Asylpaket II – ein Kompromiss in der Kritik

von Sarah Rödiger

Nach vielen Wochen der Diskussion hat sich die Große Koalition nun auf die endgültige Version des Asylpaket II geeinigt. Der Maßnahmenkatalog enthält drastische Verschärfungen des Asylrechts, insbesondere für Familien. Doch auch darüber hinaus enthält er kaum positive Neuregelungen. Da die Eckpunkte der Verschärfung schon letztes Jahr feststanden, stellt sich insbesondere auch die Frage, wo der sogenannte Kompromiss überhaupt zu finden ist.

Aussetzung des Familiennachzugs

In den vergangenen Wochen wurde vor allem über die Aussetzung des Familiennachzugs für zwei Jahre gestritten. Letztlich hat sich die Forderung der Union nach der Einschränkung des Familiennachzugs für Geflüchtete durchgesetzt. Sie gilt für Geflüchtete mit subsidiärem Schutz, also Menschen, die nicht unter die Genfer Flüchtlingskonvention oder das deutsche Grundrecht auf Asyl fallen. Der subsidiäre Schutz wird dann gewährt, wenn eine Gefahr für Leib und Leben droht, wie etwa bei Krieg oder Folter. Dies betrifft in Deutschland faktisch sehr viele Geflüchtete und läuft darauf hinaus, dass auch Syrer*innen ihre Familien nicht mehr nachholen können. Insbesondere Frauen und Kinder müssen nun in den Kriegsgebieten verbleiben oder aber den gefährlichen Weg nach Deutschland umsonst auf sich nehmen – ein weiteres Mal, dass besonders Schutzbedürftigen das Recht auf Asyl erschwert wird.

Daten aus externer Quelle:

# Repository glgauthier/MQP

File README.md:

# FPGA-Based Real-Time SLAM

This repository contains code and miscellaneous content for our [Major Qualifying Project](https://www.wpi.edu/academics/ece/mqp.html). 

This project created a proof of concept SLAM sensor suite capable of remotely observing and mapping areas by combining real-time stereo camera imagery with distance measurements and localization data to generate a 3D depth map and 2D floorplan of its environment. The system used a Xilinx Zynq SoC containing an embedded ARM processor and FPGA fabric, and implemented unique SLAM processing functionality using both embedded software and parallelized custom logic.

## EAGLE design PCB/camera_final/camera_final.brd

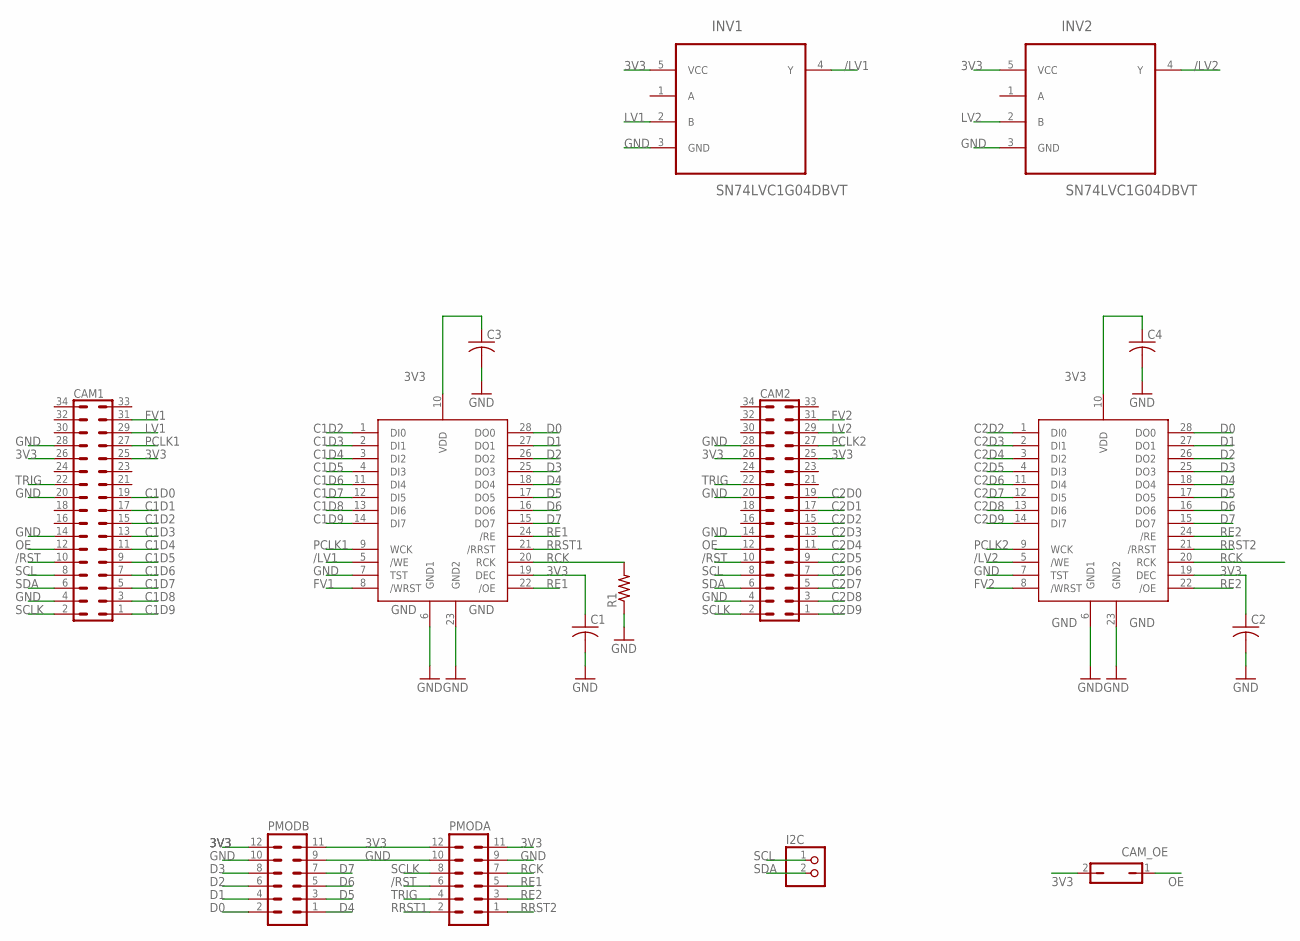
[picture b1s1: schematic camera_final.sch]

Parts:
C1, C2, C3, C4: C-USC0805K; C0805K
CAM1, CAM2: PHB_1MM27_2X17_SNT
CAM_OE: JP1Q; JP1
I2C: PINHD-1X2; 1X02
INV1, INV2: SN74LVC1G04DBVT; SOT95P280X145-5N
PMODA: MA06-2
PMODB: MA06-2
R1: R-US_R0805; R0805
U$1, U$2: AL422B; SOP28

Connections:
3V3: C1.1, C2.1, C3.1, C4.1, CAM1.25, CAM1.26, CAM2.25, CAM2.26, CAM_OE.2, INV1.5 (VCC), INV2.5 (VCC), PMODA.11, PMODA.12, PMODB.11, PMODB.12, U$1.10 (VDD), U$1.19 (DEC), U$2.10 (VDD), U$2.19 (DEC)
/LV1: INV1.4 (Y), U$2.5 (/WE)
/LV2: INV2.4 (Y), U$1.5 (/WE)
/RST: CAM1.10, CAM2.10, PMODA.6
C1D0: CAM1.19
C1D1: CAM1.17
C1D2: CAM1.15, U$2.1 (DI0)
C1D3: CAM1.13, U$2.2 (DI1)
C1D4: CAM1.11, U$2.3 (DI2)
C1D5: CAM1.9, U$2.4 (DI3)
C1D6: CAM1.7, U$2.11 (DI4)
C1D7: CAM1.5, U$2.12 (DI5)
C1D8: CAM1.3, U$2.13 (DI6)
C1D9: CAM1.1, U$2.14 (DI7)
C2D0: CAM2.19
C2D1: CAM2.17
C2D2: CAM2.15, U$1.1 (DI0)
C2D3: CAM2.13, U$1.2 (DI1)
C2D4: CAM2.11, U$1.3 (DI2)
C2D5: CAM2.9, U$1.4 (DI3)
C2D6: CAM2.7, U$1.11 (DI4)
C2D7: CAM2.5, U$1.12 (DI5)
C2D8: CAM2.3, U$1.13 (DI6)
C2D9: CAM2.1, U$1.14 (DI7)
D0: PMODB.2, U$1.28 (DO0), U$2.28 (DO0)
D1: PMODB.4, U$1.27 (DO1), U$2.27 (DO1)
D2: PMODB.6, U$1.26 (DO2), U$2.26 (DO2)
D3: PMODB.8, U$1.25 (DO3), U$2.25 (DO3)
D4: PMODB.1, U$1.18 (DO4), U$2.18 (DO4)
D5: PMODB.3, U$1.17 (DO5), U$2.17 (DO5)
D6: PMODB.5, U$1.16 (DO6), U$2.16 (DO6)
D7: PMODB.7, U$1.15 (DO7), U$2.15 (DO7)
FV1: CAM1.31, U$2.8 (/WRST)
FV2: CAM2.31, U$1.8 (/WRST)
GND: C1.2, C2.2, C3.2, C4.2, CAM1.4, CAM1.14, CAM1.20, CAM1.28, CAM2.4, CAM2.14, CAM2.20, CAM2.28, INV1.3 (GND), INV2.3 (GND), PMODA.9, PMODA.10, PMODB.9, PMODB.10, R1.1, U$1.6 (GND1), U$1.7 (TST), U$1.23 (GND2), U$2.6 (GND1), U$2.7 (TST), U$2.23 (GND2)
LV1: CAM1.29, INV1.2 (B)
LV2: CAM2.29, INV2.2 (B)
OE: CAM1.12, CAM2.12, CAM_OE.1
PCLK1: CAM1.27, U$2.9 (WCK)
PCLK2: CAM2.27, U$1.9 (WCK)
RCK: PMODA.7, R1.2, U$1.20 (RCK), U$2.20 (RCK)
RE1: PMODA.5, U$2.22 (/OE), U$2.24 (/RE)
RE2: PMODA.3, U$1.22 (/OE), U$1.24 (/RE)
RRST1: PMODA.2, U$2.21 (/RRST)
RRST2: PMODA.1, U$1.21 (/RRST)
SCL: CAM1.8, CAM2.8, I2C.1
SCLK: CAM1.2, CAM2.2, PMODA.8
SDA: CAM1.6, CAM2.6, I2C.2
TRIG: CAM1.22, CAM2.22, PMODA.4

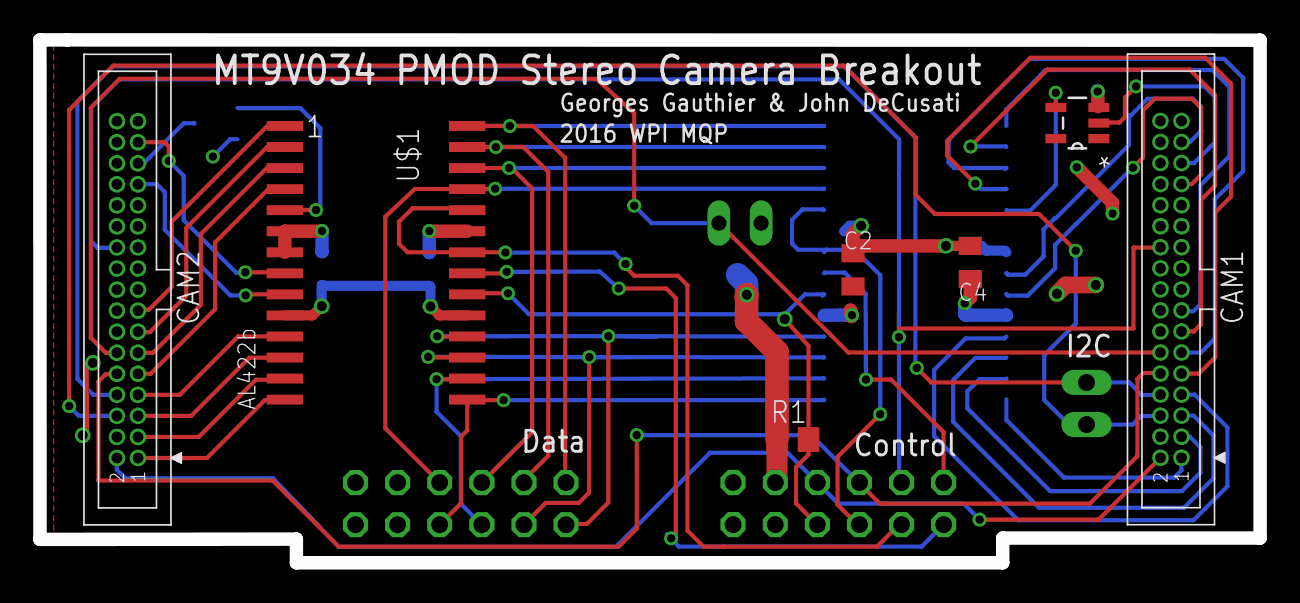
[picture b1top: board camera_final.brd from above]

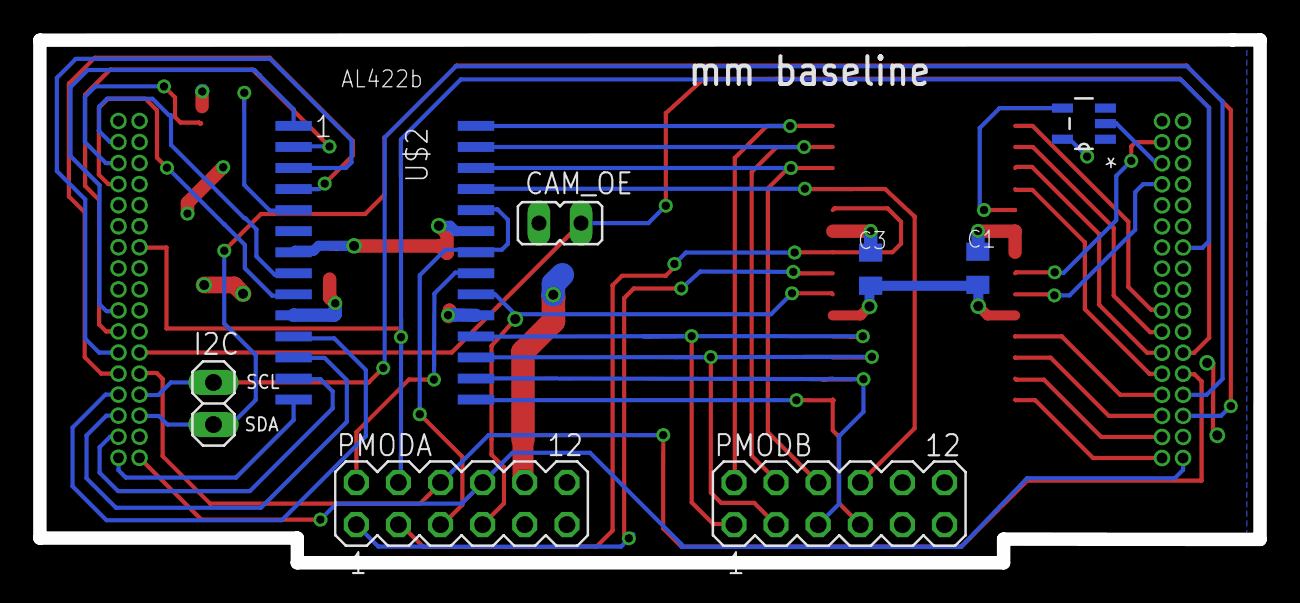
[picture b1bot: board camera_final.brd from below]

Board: 2 copper layers, 73.6 x 31.5 mm, 15 parts (8 on the bottom side), 45 nets.

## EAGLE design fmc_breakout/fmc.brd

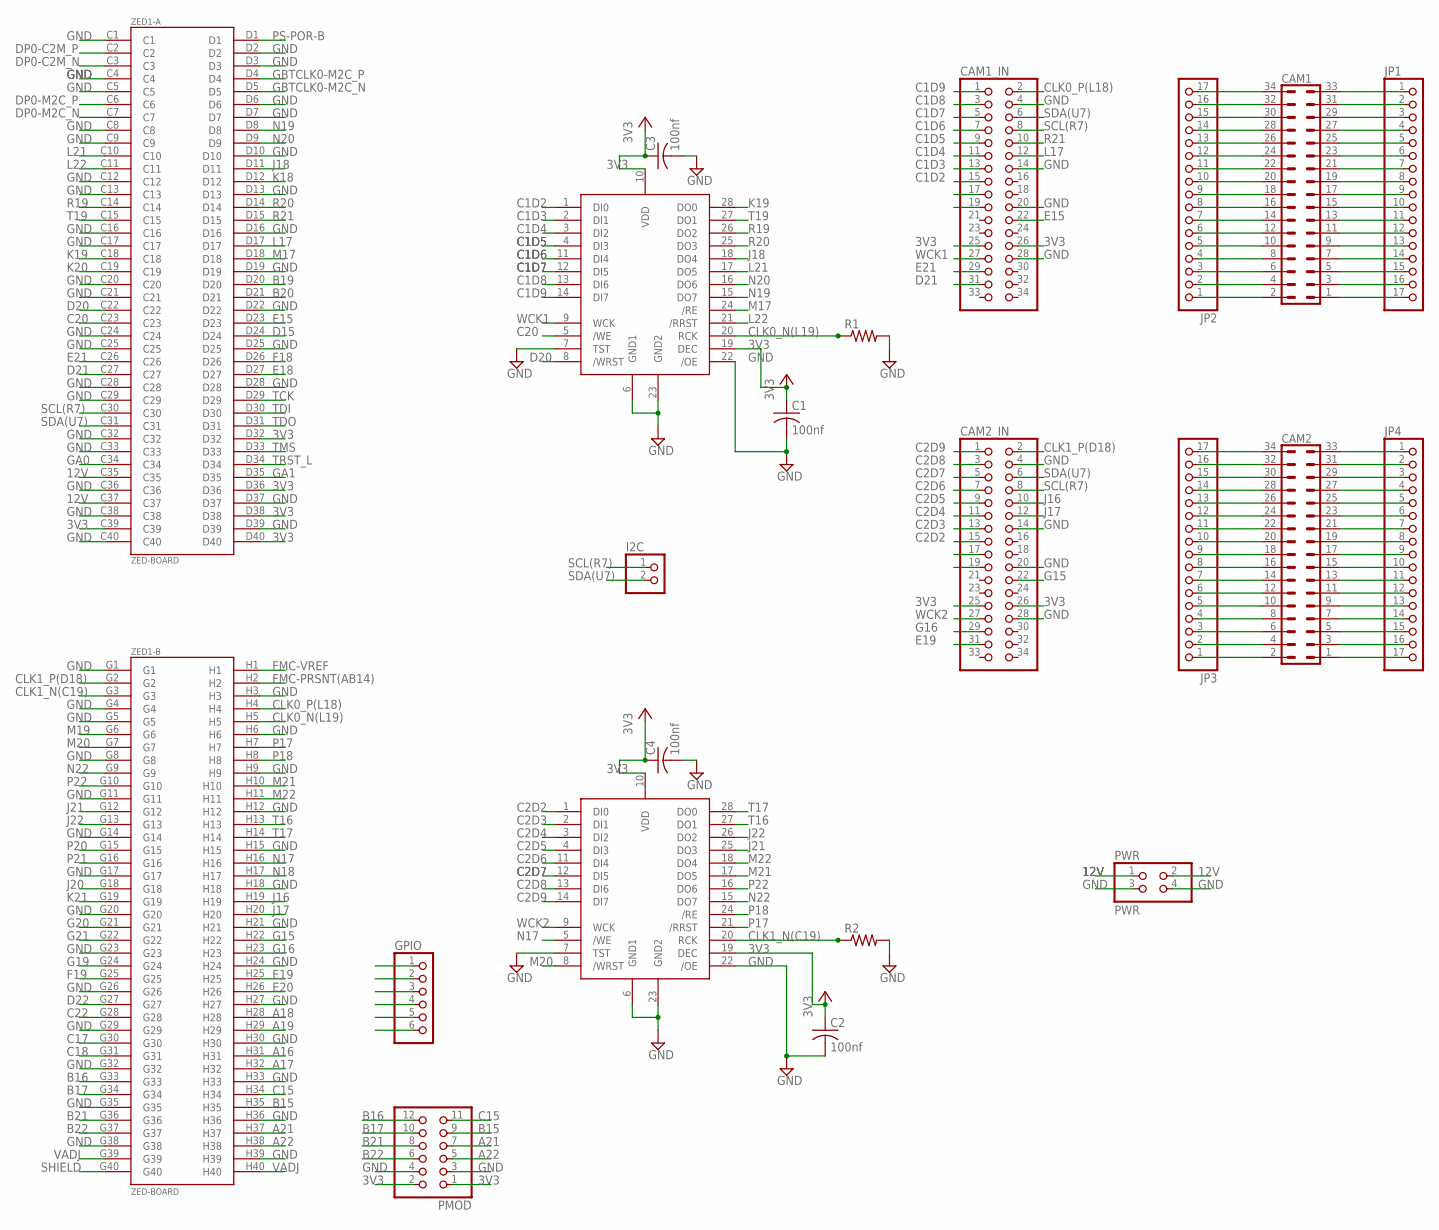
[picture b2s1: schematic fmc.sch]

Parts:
AL422B_2: CAM2_FIFO; SOP28
ALA22B_1: CAM1_FIFO; SOP28
C1, C2, C3, C4: 100nf; C025-024X044
CAM1, CAM2: PHB_1MM27_2X17_SNT
CAM1_IN, CAM2_IN: PINHD-2X17; 2X17
GPIO: PINHD-1X6; 1X06
I2C: PINHD-1X2; 1X02
JP1, JP2, JP3, JP4: PINHD-1X17; 1X17
PMOD: PINHD-2X6; 2X06
PWR: PWR; 2X02
R1, R2: R-US_M0805; M0805
ZED1: ZED-BOARD; ASP-134604-01

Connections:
3V3: AL422B_2.10 (VDD), AL422B_2.19 (DEC), ALA22B_1.10 (VDD), ALA22B_1.19 (DEC), C1.1, C2.1, C3.1, C4.1, CAM1_IN.25, CAM1_IN.26, CAM2_IN.25, CAM2_IN.26, GPIO.6, PMOD.1, PMOD.2, ZED1.C39, ZED1.D32, ZED1.D36, ZED1.D38, ZED1.D40
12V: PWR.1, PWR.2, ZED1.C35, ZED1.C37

Als schwacher Trost einigten sich die Parteien darauf, dass Angehörige von Geflüchteten, die sich noch in Flüchtlingslagern in der Türkei, Jordanien und dem Libanon befinden, bei EU Kontingenten bevorzugt berücksichtigt werden sollen. Allerdings ist es mehr als fraglich, ob ebensolche Kontingente in absehbarer Zeit realisiert werden können, sodass dieses Zugeständnis äußerst schwach wiegt.

Neue „sichere Herkunftsstaaten“

Darüber hinaus enthält das Paket die Einstufung von Algerien, Marokko und Tunesien als „sichere Herkunftsstaaten“ ...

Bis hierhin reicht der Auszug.